La syndicalisation des cadres est un aspect peu documenté du syndicalisme français. Elle représente un engagement pouvant être considéré comme atypique. Dans la représentation collective, la syndicalisation est en effet un acte privilégié par les salariés non-cadres. Pourtant, ce phénomène a récemment acquis une certaine visibilité à l’occasion d’évènements précis. C’est le cas de l’élection de Sophie Binet à la tête de la CGT, première présidente du syndicat issue de l’UGICT-CGC, à savoir la branche des cadres de l’organisation. Autre cas marquant : la présence massive de la CFDT et de la CFE-CGC, historiquement plus populaires auprès des cadres, dans les cortèges des manifestations contre la réforme des retraites en 2023.
Ces moments ponctuels peuvent être rattachés à des débats autour du sens au travail, tel qu’il a été analysé par des chercheurs à l’instar de Coralie Perez et Thomas Coutrot. Cette question du sens est largement documentée depuis la pandémie de coronavirus, qui a entraîné un recours massif au télétravail, et des démissions s’inscrivant dans un contexte favorable aux salariés travaillant dans ces grandes entreprises privées.
D’autres événements, tels que celui de la grève chez Ubisoft pour s’opposer au licenciement de 69 salariés et à une obligation de présence de trois jours par semaine sur site, renforcent l’idée qu’il faut s’intéresser aux syndicats dans les entreprises. Ils constituent en effet un mode d’organisation central pour les salariés, y compris pour les cadres. Concernant le télétravail par exemple, une étude de l’Apec montrait qu’en 2024 pas moins de 25 % des cadres (issus de tous les secteurs) étaient prêts à changer d'entreprise si on leur réduisait le nombre de jours télétravaillés. Une position de fond qui alimente les réflexions et les négociations des syndicats de cadres en entreprise.

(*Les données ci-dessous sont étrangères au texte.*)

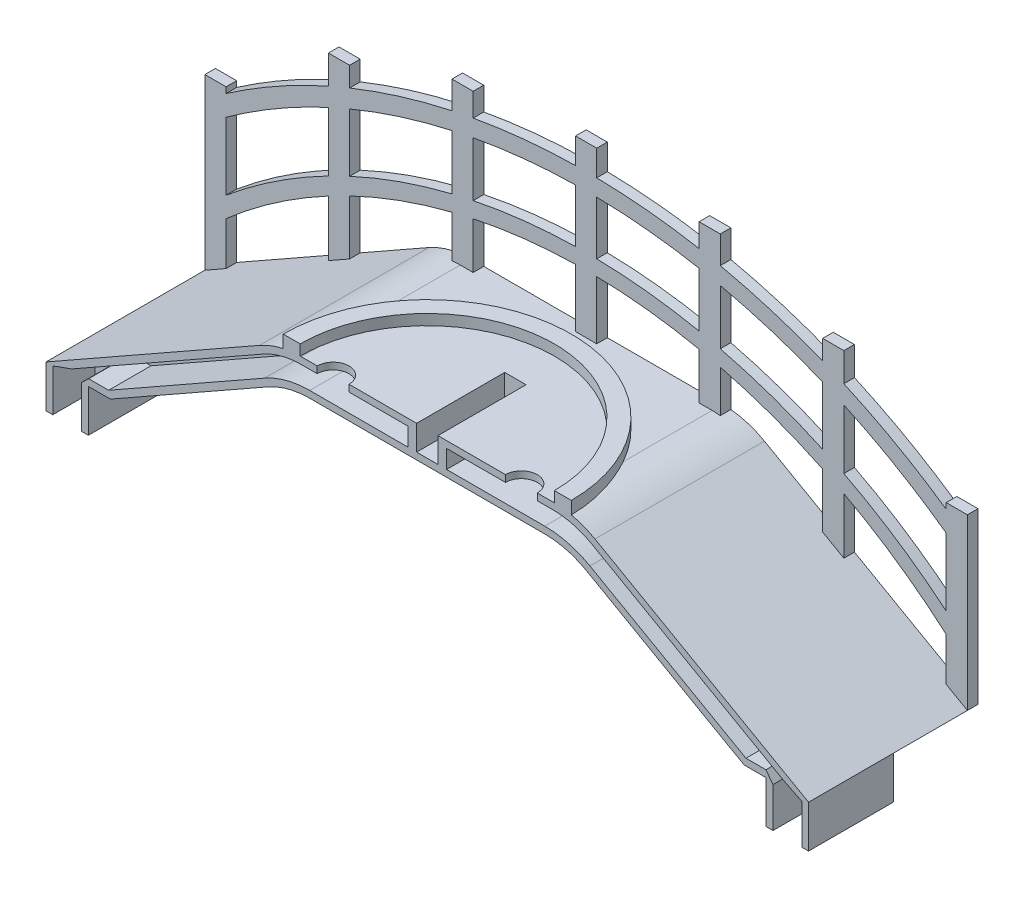
SolidWorks part; units mm, degrees
ref_plane "Front Plane" through (0, 0, 0) normal (0, 0, 1) x (1, 0, 0)
ref_plane "Top Plane" through (0, 0, 0) normal (0, 1, 0) x (1, 0, 0)
ref_plane "Right Plane" through (0, 0, 0) normal (1, 0, 0) x (0, 0, -1)
sketch "Sketch5" plane through (0, 0, 0) normal (0, 0, 1) x (1, 0, 0)
  line L0 (1.175, -2.0712) -> (16.6334, 6.6983)
  line L1 (19.1382, 9.9064) -> (38.0118, 9.9064)
  line L2 (0, 0) -> (16.005, 9.0795)
  line L3 (41.145, 9.0795) -> (57.15, 0)
  line L4 (0, 0) -> (17.4625, 0) construction
  line L5 (57.15, 0) -> (39.6875, 0) construction
  line L6 (19.7666, 7.5251) -> (37.3834, 7.5251)
  line L7 (40.5166, 6.6983) -> (55.975, -2.0712)
  line L8 (0, 0) -> (4.826, 0)
  line L9 (57.15, 0) -> (52.324, 0)
  line L10 (0, 0) -> (0, 9.525)
  line L11 (57.15, 0) -> (57.15, 9.525)
  line L12 (28.575, 9.9064) -> (28.575, 19.4314) construction
  line L13 (28.575, 9.9064) -> (28.575, 6.7314) construction
  line L14 (0, 0) -> (1.5875, 0)
  line L15 (0, 0) -> (0, 12.7)
  line L16 (0, 12.7) -> (1.5875, 12.7)
  line L17 (1.5875, 0) -> (1.5875, 12.7)
  line L18 (29.3687, 6.7314) -> (27.7812, 6.7314)
  line L19 (29.3687, 6.7314) -> (29.3687, 22.6064)
  line L20 (29.3687, 22.6064) -> (27.7812, 22.6064)
  line L21 (27.7812, 6.7314) -> (27.7812, 22.6064)
  line L22 (1.5875, 9.2118) -> (9.2604, 9.2118) construction
  line L23 (9.2604, 18.7284) -> (10.8479, 18.7284)
  line L24 (9.2604, 18.7284) -> (9.2604, 2.8534)
  line L25 (9.2604, 2.8534) -> (10.8479, 2.8534)
  line L26 (10.8479, 18.7284) -> (10.8479, 2.8534)
  line L27 (18.5208, 21.6681) -> (20.1083, 21.6681)
  line L28 (18.5208, 21.6681) -> (18.5208, 5.7931)
  line L29 (18.5208, 5.7931) -> (20.1083, 5.7931)
  line L30 (20.1083, 21.6681) -> (20.1083, 5.7931)
  line L31 (10.8479, 8.208) -> (18.5208, 8.208) construction
  line L32 (20.1083, 13.1596) -> (27.7812, 13.1596) construction
  line L33 (10.0542, 18.7284) -> (10.0542, 15.5534) construction
  line L34 (19.3146, 21.6681) -> (19.3146, 18.4931) construction
  line L35 (57.15, 0) -> (52.324, 0)
  line L36 (38.6292, 21.6681) -> (37.0417, 21.6681)
  line L37 (38.6292, 21.6681) -> (38.6292, 5.7931)
  line L38 (37.0417, 21.6681) -> (37.0417, 5.7931)
  line L39 (38.6292, 5.7931) -> (37.0417, 5.7931)
  line L40 (47.8896, 2.8534) -> (46.3021, 2.8534)
  line L41 (47.8896, 18.7284) -> (46.3021, 18.7284)
  line L42 (46.3021, 18.7284) -> (46.3021, 2.8534)
  line L43 (47.8896, 18.7284) -> (47.8896, 2.8534)
  line L44 (57.15, 12.7) -> (55.5625, 12.7)
  line L45 (57.15, 0) -> (57.15, 12.7)
  line L46 (57.15, 0) -> (57.15, 9.525)
  line L47 (55.5625, 0) -> (55.5625, 12.7)
  line L48 (18.0909, 7.5251) -> (39.0591, 7.5251) construction
  line L49 (39.0591, 7.5251) -> (55.975, -2.0712) construction
  line L50 (17.4625, 9.9064) -> (39.6875, 9.9064) construction
  line L51 (39.6875, 9.9064) -> (57.15, 0) construction
  line L52 (1.175, -2.0712) -> (18.0909, 7.5251) construction
  line L53 (0, 0) -> (17.4625, 9.9064) construction
  arc A0 (0, 9.525) -> (57.15, 9.525) centre (28.575, -26.7342) cw
  arc A1 (0, 11.1125) -> (57.15, 11.1125) centre (28.575, -26.7342) cw
  arc A2 (37.3834, 7.5251) -> (40.5166, 6.6983) centre (37.3834, 1.1751) cw
  arc A3 (38.0118, 9.9064) -> (41.145, 9.0795) centre (38.0118, 3.5564) cw
  arc A4 (16.6334, 6.6983) -> (19.7666, 7.5251) centre (19.7666, 1.1751) cw
  arc A5 (19.1382, 9.9064) -> (16.005, 9.0795) centre (19.1382, 3.5564) ccw
  point P47 (57.15, 10.9464)
  point P65 (39.6875, 9.9064)
  dimension "D12" = 6.35
  dimension "D1" = 57.15
  dimension "D3" = 2.3813
  dimension "D4" = 9.525
  dimension "D5" = 1.5875
  dimension "D6" = 12.7
  dimension "D7" = 1.5875
  dimension "D8" = 15.875
  dimension "D9" = 12.7
  dimension "D10" = 3.175
  dimension "D11" = 1.5875
extrude "Boss-Extrude1" add sketch "Sketch5" along normal blind 12.7 contours L25 L24 L2 L17 L8 L0 | L8 L17 L2 | L26 L2 L24 L25 L0 | L28 A5 L2 L26 L0 A4 | L1 A5 L28 A4 L6 L30 | L1 L30 L6 L21 | L21 L6 L19 L1 | L38 L1 L19 L6 | A3 L1 L38 L6 A2 L37 | A3 L37 A2 L7 L42 L3 | L43 L3 L42 L7 L40 | L35 L47 L3 L43 L40 L7 | L47 L9 L3 region at (5.8986, 2.0945, 0) region at (10.0683, 4.3725, 0) region at (1.0583, 0.3002, 0) region at (14.6384, 6.8871, 0) region at (19.3092, 8.6975, 0) region at (23.9448, 8.7158, 0) region at (28.575, 8.7158, 0) region at (33.2052, 8.7158, 0) region at (37.8408, 8.6975, 0) region at (42.5116, 6.8871, 0) region at (47.0817, 4.3725, 0) region at (51.2514, 2.0945, 0) region at (56.0917, 0.3002, 0)
extrude "Boss-Extrude2" add sketch "Sketch5<4>" along normal blind 0.7937 separate body contours A1 L15 A0 L17 | A1 L17 A0 L24 | A1 L24 A0 L26 | A1 L26 A0 L28 | A1 L28 A0 L30 | A1 L30 A0 L21 | A1 L21 A0 L19 | A1 L19 A0 L38 | A1 L38 A0 L37 | A1 L37 A0 L42 | A1 L42 A0 L43 | A1 L43 A0 L47 | A1 L47 A0 L45 region at (0.7896, 10.9105, 0) region at (5.3546, 13.8101, 0) region at (10.0521, 16.234, 0) region at (14.65, 17.8791, 0) region at (19.3137, 19.1317, 0) region at (23.9343, 19.7758, 0) region at (28.575, 20.0576, 0) region at (33.2157, 19.7758, 0) region at (37.8363, 19.1317, 0) region at (42.5, 17.8791, 0) region at (47.0979, 16.234, 0) region at (51.7954, 13.8101, 0) region at (56.3604, 10.9105, 0)
sketch "Sketch5<4>" plane through (0, 0, 0) normal (0, 0, 1) x (1, 0, 0) same geometry as "Sketch5"
extrude "Boss-Extrude6" add sketch "Sketch5<7>" along normal blind 0.7937 contours A0 L10 L2 L17 | A1 L15 A0 L17 | L15 A1 L17 L16 | A0 L24 L2 L26 | A1 L24 A0 L26 | L24 A1 L26 L23 | L26 L2 L24 L25 L0 | L26 L0 L25 | A4 L28 L29 L30 L6 | L1 A5 L28 A4 L6 L30 | A5 L1 L30 A0 L28 | A1 L28 A0 L30 | L28 A1 L30 L27 | L21 A1 L19 L20 | A1 L21 A0 L19 | A0 L21 L1 L19 | L21 L6 L19 L1 | L21 L18 L19 L6 | L47 L9 L3 | A0 L47 L3 L11 | A1 L47 A0 L45 | L47 A1 L45 L44 | A0 L42 L3 L43 | A1 L42 A0 L43 | L42 A1 L43 L41 | L43 L3 L42 L7 L40 | L7 L42 L40 | A2 L6 L38 L39 L37 | A3 L1 L38 L6 A2 L37 | L1 A3 L37 A0 L38 | L38 A1 L37 L36 | A1 L38 A0 L37 region at (10.0683, 4.3725, 0) region at (10.5172, 3.041, 0) region at (0.7978, 5.2939, 0) region at (10.0514, 10.6257, 0) region at (0.7896, 10.9105, 0) region at (19.3237, 6.6434, 0) region at (19.3092, 8.6975, 0) region at (10.0521, 16.234, 0) region at (0.6427, 12.1428, 0) region at (19.3193, 14.1971, 0) region at (10.0049, 17.8134, 0) region at (19.3137, 19.1317, 0) region at (19.2925, 20.7184, 0) region at (28.575, 8.7158, 0) region at (28.575, 7.1283, 0) region at (28.575, 14.6677, 0) region at (28.575, 20.0576, 0) region at (28.575, 21.6463, 0) region at (37.8408, 8.6975, 0) region at (37.8263, 6.6434, 0) region at (37.8307, 14.1971, 0) region at (37.8363, 19.1317, 0) region at (37.8575, 20.7184, 0) region at (47.0986, 10.6257, 0) region at (47.0979, 16.234, 0) region at (47.1451, 17.8134, 0) region at (47.0817, 4.3725, 0) region at (46.6328, 3.041, 0) region at (56.3522, 5.2939, 0) region at (56.3604, 10.9105, 0) region at (56.5073, 12.1428, 0) region at (56.0917, 0.3002, 0)
sketch "Sketch5<7>" plane through (0, 0, 0) normal (0, 0, 1) x (1, 0, 0) same geometry as "Sketch5"
sketch "Sketch6" plane through (0, 0, 0) normal (0, 0, -1) x (-1, 0, 0)
  line L0 (-57.15, 0) -> (-57.15, 12.7) construction
  line L1 (0, 0) -> (0, 12.7) construction
  line L2 (-57.15, 4.2704) -> (-57.15, 2.6829)
  line L3 (0, 2.6829) -> (0, 4.2704)
  arc A0 (-57.15, 4.2704) -> (0, 4.2704) centre (-28.575, -26.7342) cw
  arc A1 (-57.15, 2.6829) -> (0, 2.6829) centre (-28.575, -26.7342) cw
  arc A2 (-29.3687, 19.4246) -> (-37.0417, 18.6484) centre (-28.575, -26.7342) ccw construction
  dimension "D1" = 1.5875
extrude "Boss-Extrude7" add sketch "Sketch6" against normal blind 0.7937
sketch "Sketch7" plane through (0, 0, 12.7) normal (0, 0, 1) x (1, 0, 0)
  line L0 (28.575, 9.9064) -> (19.05, 9.9064)
  line L1 (19.1382, 9.9064) -> (38.0118, 9.9064) construction
  line L2 (19.05, 9.9064) -> (19.05, 9.3984)
  line L3 (19.7666, 7.5251) -> (37.3834, 7.5251) construction
  line L4 (19.05, 9.3984) -> (38.1, 9.3984)
  line L5 (19.05, 9.3984) -> (19.05, 8.0331)
  line L6 (19.05, 8.0331) -> (38.1, 8.0331)
  line L7 (38.1, 9.3984) -> (38.1, 8.0331)
  line L20 (1.925, 0.508) -> (4.6919, 0.508)
  line L21 (4.6919, 0.508) -> (16.3827, 7.1401)
  line L22 (16.2556, 8.6377) -> (1.925, 0.508)
  line L23 (1.925, 0.508) -> (4.6919, 0.508)
  line L24 (4.6919, 0.508) -> (16.3827, 7.1401)
  line L25 (16.2556, 8.6377) -> (1.925, 0.508)
  line L37 (40.7673, 7.1401) -> (52.4581, 0.508)
  line L38 (52.4581, 0.508) -> (55.225, 0.508)
  line L39 (55.225, 0.508) -> (40.8944, 8.6377)
  line L40 (40.7673, 7.1401) -> (52.4581, 0.508)
  line L41 (52.4581, 0.508) -> (55.225, 0.508)
  line L42 (55.225, 0.508) -> (40.8944, 8.6377)
  arc A8 (19.7666, 8.0331) -> (16.3827, 7.1401) centre (19.7666, 1.1751) ccw
  arc A9 (19.1382, 9.3984) -> (16.2556, 8.6377) centre (19.1382, 3.5564) ccw
  arc A10 (19.7666, 8.0331) -> (16.3827, 7.1401) centre (19.7666, 1.1751) ccw
  arc A11 (19.1382, 9.3984) -> (16.2556, 8.6377) centre (19.1382, 3.5564) ccw
  arc A17 (40.7673, 7.1401) -> (37.3834, 8.0331) centre (37.3834, 1.1751) ccw
  arc A18 (40.8944, 8.6377) -> (38.0118, 9.3984) centre (38.0118, 3.5564) ccw
  arc A19 (40.7673, 7.1401) -> (37.3834, 8.0331) centre (37.3834, 1.1751) ccw
  arc A20 (40.8944, 8.6377) -> (38.0118, 9.3984) centre (38.0118, 3.5564) ccw
  dimension "D1" = 9.525
  dimension "D2" = 0.508
  dimension "D3" = 0.508
  dimension "D4" = 19.05
  dimension "D5" = 0.508
  dimension "D6" = 0.508
extrude "Cut-Extrude1" cut sketch "Sketch7" against normal blind 9.525 contours L7 L4 L5 L6 region at (28.575, 8.7158, 12.7)
sketch "Sketch8" plane through (0, 9.9064, 0) normal (0, 1, 0) x (1, 0, 0)
  line L0 (19.1382, -12.7) -> (38.0118, -12.7) construction
  line L1 (21.5195, -12.7) -> (19.1382, -12.7)
  line L2 (35.6305, -12.7) -> (38.0118, -12.7)
  line L4 (29.3751, -19.304) -> (27.7749, -19.304)
  line L5 (29.3751, -19.304) -> (29.3751, -6.096)
  line L6 (29.3751, -6.096) -> (27.7749, -6.096)
  line L7 (27.7749, -19.304) -> (27.7749, -6.096)
  line L8 (29.3751, -19.304) -> (27.7749, -6.096) construction
  line L9 (29.3751, -6.096) -> (27.7749, -19.304) construction
  circle A0 centre (21.5195, -12.7) radius 1.1906
  circle A1 centre (35.6305, -12.7) radius 1.1906
  point P8 (28.575, -12.7)
  line M5 (19.1382, -12.7) -> (38.0118, -12.7)
  dimension "D1" = 2.3813
  dimension "D2" = 2.3813
  dimension "D3" = 2.3813
  dimension "D4" = 1.6002
  dimension "D5" = 13.208
extrude "Cut-Extrude2" cut sketch "Sketch8" against normal blind 1.397 contours A0 L1 M5 | A1 M5 | L7 L5 L6 M5 region at (21.5195, 9.9064, 12.1947) region at (35.6305, 9.9064, 12.1947) region at (28.575, 9.9064, 9.398)
sketch "Sketch10" plane through (0, 8.0331, 0) normal (0, 1, 0) x (1, 0, 0)
  line L0 (19.05, -12.7) -> (38.1, -12.7) construction
  line L1 (30.0256, -19.9033) -> (27.1244, -19.9033)
  line L2 (30.0256, -19.9033) -> (30.0256, -5.4967)
  line L3 (30.0256, -5.4967) -> (27.1244, -5.4967)
  line L4 (27.1244, -19.9033) -> (27.1244, -5.4967)
  line L5 (30.0256, -19.9033) -> (27.1244, -5.4967) construction
  line L6 (30.0256, -5.4967) -> (27.1244, -19.9033) construction
  line L7 (27.1244, -12.7) -> (30.0256, -12.7)
  line L8 (29.3751, -19.304) -> (27.7749, -19.304)
  line L9 (29.3751, -19.304) -> (29.3751, -6.096)
  line L10 (29.3751, -6.096) -> (27.7749, -6.096)
  line L11 (27.7749, -19.304) -> (27.7749, -6.096)
  line L12 (29.3751, -19.304) -> (27.7749, -6.096) construction
  line L13 (29.3751, -6.096) -> (27.7749, -19.304) construction
  point P0 (28.575, -12.7)
  point P7 (28.575, -12.7)
  line M1 (19.05, -12.7) -> (38.1, -12.7)
extrude "Boss-Extrude8" add sketch "Sketch10" along normal blind 1.397 contours L11 L10 L9 L7 L2 L3 L4 M1 region at (29.7004, 8.0331, 12.6223)
sketch "Sketch11" plane through (0, 9.9064, 0) normal (0, 1, 0) x (1, 0, 0)
  line L0 (27.7749, -12.7) -> (29.3751, -12.7) construction
  line L1 (17.78, -12.7) -> (39.37, -12.7)
  circle A0 centre (28.575, -12.7) radius 9.525
  circle A1 centre (28.575, -12.7) radius 10.795
  line M9 (38.0118, -12.7) -> (38.0118, -0.7937)
  line M19 (19.1382, -0.7937) -> (19.1382, -12.7)
  dimension "D1" = 19.05
  dimension "D2" = 21.59
extrude "Boss-Extrude9" add sketch "Sketch11" along normal blind 0.7937 and the other way blind 0.254 contours A1 A0 M9 M19 | A1 L1 A0 M19 | L1 A1 A0 M9 region at (18.5837, 9.9064, 10.6925) region at (19.3495, 9.9064, 9.4323) region at (38.5663, 9.9064, 10.6925)
sketch "Sketch12" plane through (0, 0, 0) normal (0, -1, 0) x (1, 0, 0)
  line L1 (0, 12.7) -> (3.175, 12.7)
  line L2 (0, 12.7) -> (0, 6.35)
  line L3 (0, 6.35) -> (3.175, 6.35)
  line L4 (3.175, 12.7) -> (3.175, 6.35)
  line L5 (57.15, 12.7) -> (53.975, 12.7)
  line L6 (57.15, 12.7) -> (57.15, 6.35)
  line L7 (57.15, 6.35) -> (53.975, 6.35)
  line L8 (53.975, 12.7) -> (53.975, 6.35)
  dimension "D1" = 3.175
  dimension "D2" = 6.35
  dimension "D3" = 6.35
  dimension "D4" = 3.175
extrude "Boss-Extrude10" add sketch "Sketch12" along normal blind 3.175
sketch "Sketch14" plane through (0, 0, 12.7) normal (0, 0, 1) x (1, 0, 0)
extrude "Cut-Extrude3" cut sketch "Sketch7<4>" against normal blind 3.175 contours L5 A11 L25 L23 L24 A10 L6 | L42 A20 L7 L6 A19 L40 L41 region at (11.1062, 4.9125, 12.7) region at (46.0438, 4.9125, 12.7)
sketch "Sketch7<4>" plane through (0, 0, 12.7) normal (0, 0, 1) x (1, 0, 0) same geometry as "Sketch7"
sketch "Sketch15" plane through (0, 0, 12.7) normal (0, 0, 1) x (1, 0, 0)
  line L0 (1.925, 0.508) -> (0.508, 0)
  line L1 (0.508, 0) -> (0.508, -3.175)
  line L2 (3.175, -3.175) -> (0, -3.175) construction
  line L3 (3.195, 0.508) -> (2.667, 0)
  line L4 (2.667, 0) -> (2.667, -3.175)
  line L5 (55.225, 0.508) -> (56.642, -0.1943)
  line L6 (56.642, -0.1943) -> (56.642, -3.175)
  line L7 (57.15, -3.175) -> (53.975, -3.175) construction
  line L8 (53.955, 0.508) -> (54.483, -0.1943)
  line L9 (52.4581, 0.508) -> (55.225, 0.508) construction
  line L10 (54.483, -0.1943) -> (54.483, -3.175)
  line L11 (54.483, -3.175) -> (56.642, -3.175)
  line L12 (0.508, -3.175) -> (2.667, -3.175)
  line L13 (0, -3.175) -> (0, 0) construction
  line L14 (3.175, -3.175) -> (3.175, 0) construction
  line L16 (57.15, -3.175) -> (57.15, 0) construction
  line L17 (53.975, -3.175) -> (53.975, 0) construction
  line L18 (1.925, 0.508) -> (4.6919, 0.508) construction
  line L19 (1.925, 0.508) -> (3.195, 0.508)
  line L20 (53.955, 0.508) -> (55.225, 0.508)
  dimension "D1" = 0.508
  dimension "D2" = 0.508
  dimension "D3" = 0.508
  dimension "D4" = 0.508
  dimension "D5" = 1.27
  dimension "D6" = 1.27
extrude "Cut-Extrude4" cut sketch "Sketch15" against normal blind 3.175

Un statut qui ne pousse a priori pas à la syndicalisation
L’identité des cadres se révèle être intrinsèquement liée à l’aspiration d’autonomie dans le travail. Une résultante des privilèges accordés grâce à leur statut, notamment dans le contrôle moins strict du temps de travail. Cette situation a largement été étudiée par les sociologues, à l’instar de Luc Boltanski ou Paul Bouffartigue. À l’égard des cadres, ce dernier parle par exemple de « figure typique du salariat de confiance »1. Le syndicalisme est assez faible dans les entreprises où ces figures évoluent. Cela s’explique par une tradition d’organisation peu conflictuelle : on y promeut la négociation, le dialogue social. Tout cela confère un statut particulier au syndicalisme dans les grandes entreprises, puisqu’il est parfois perçu comme catégoriel ou corporatiste.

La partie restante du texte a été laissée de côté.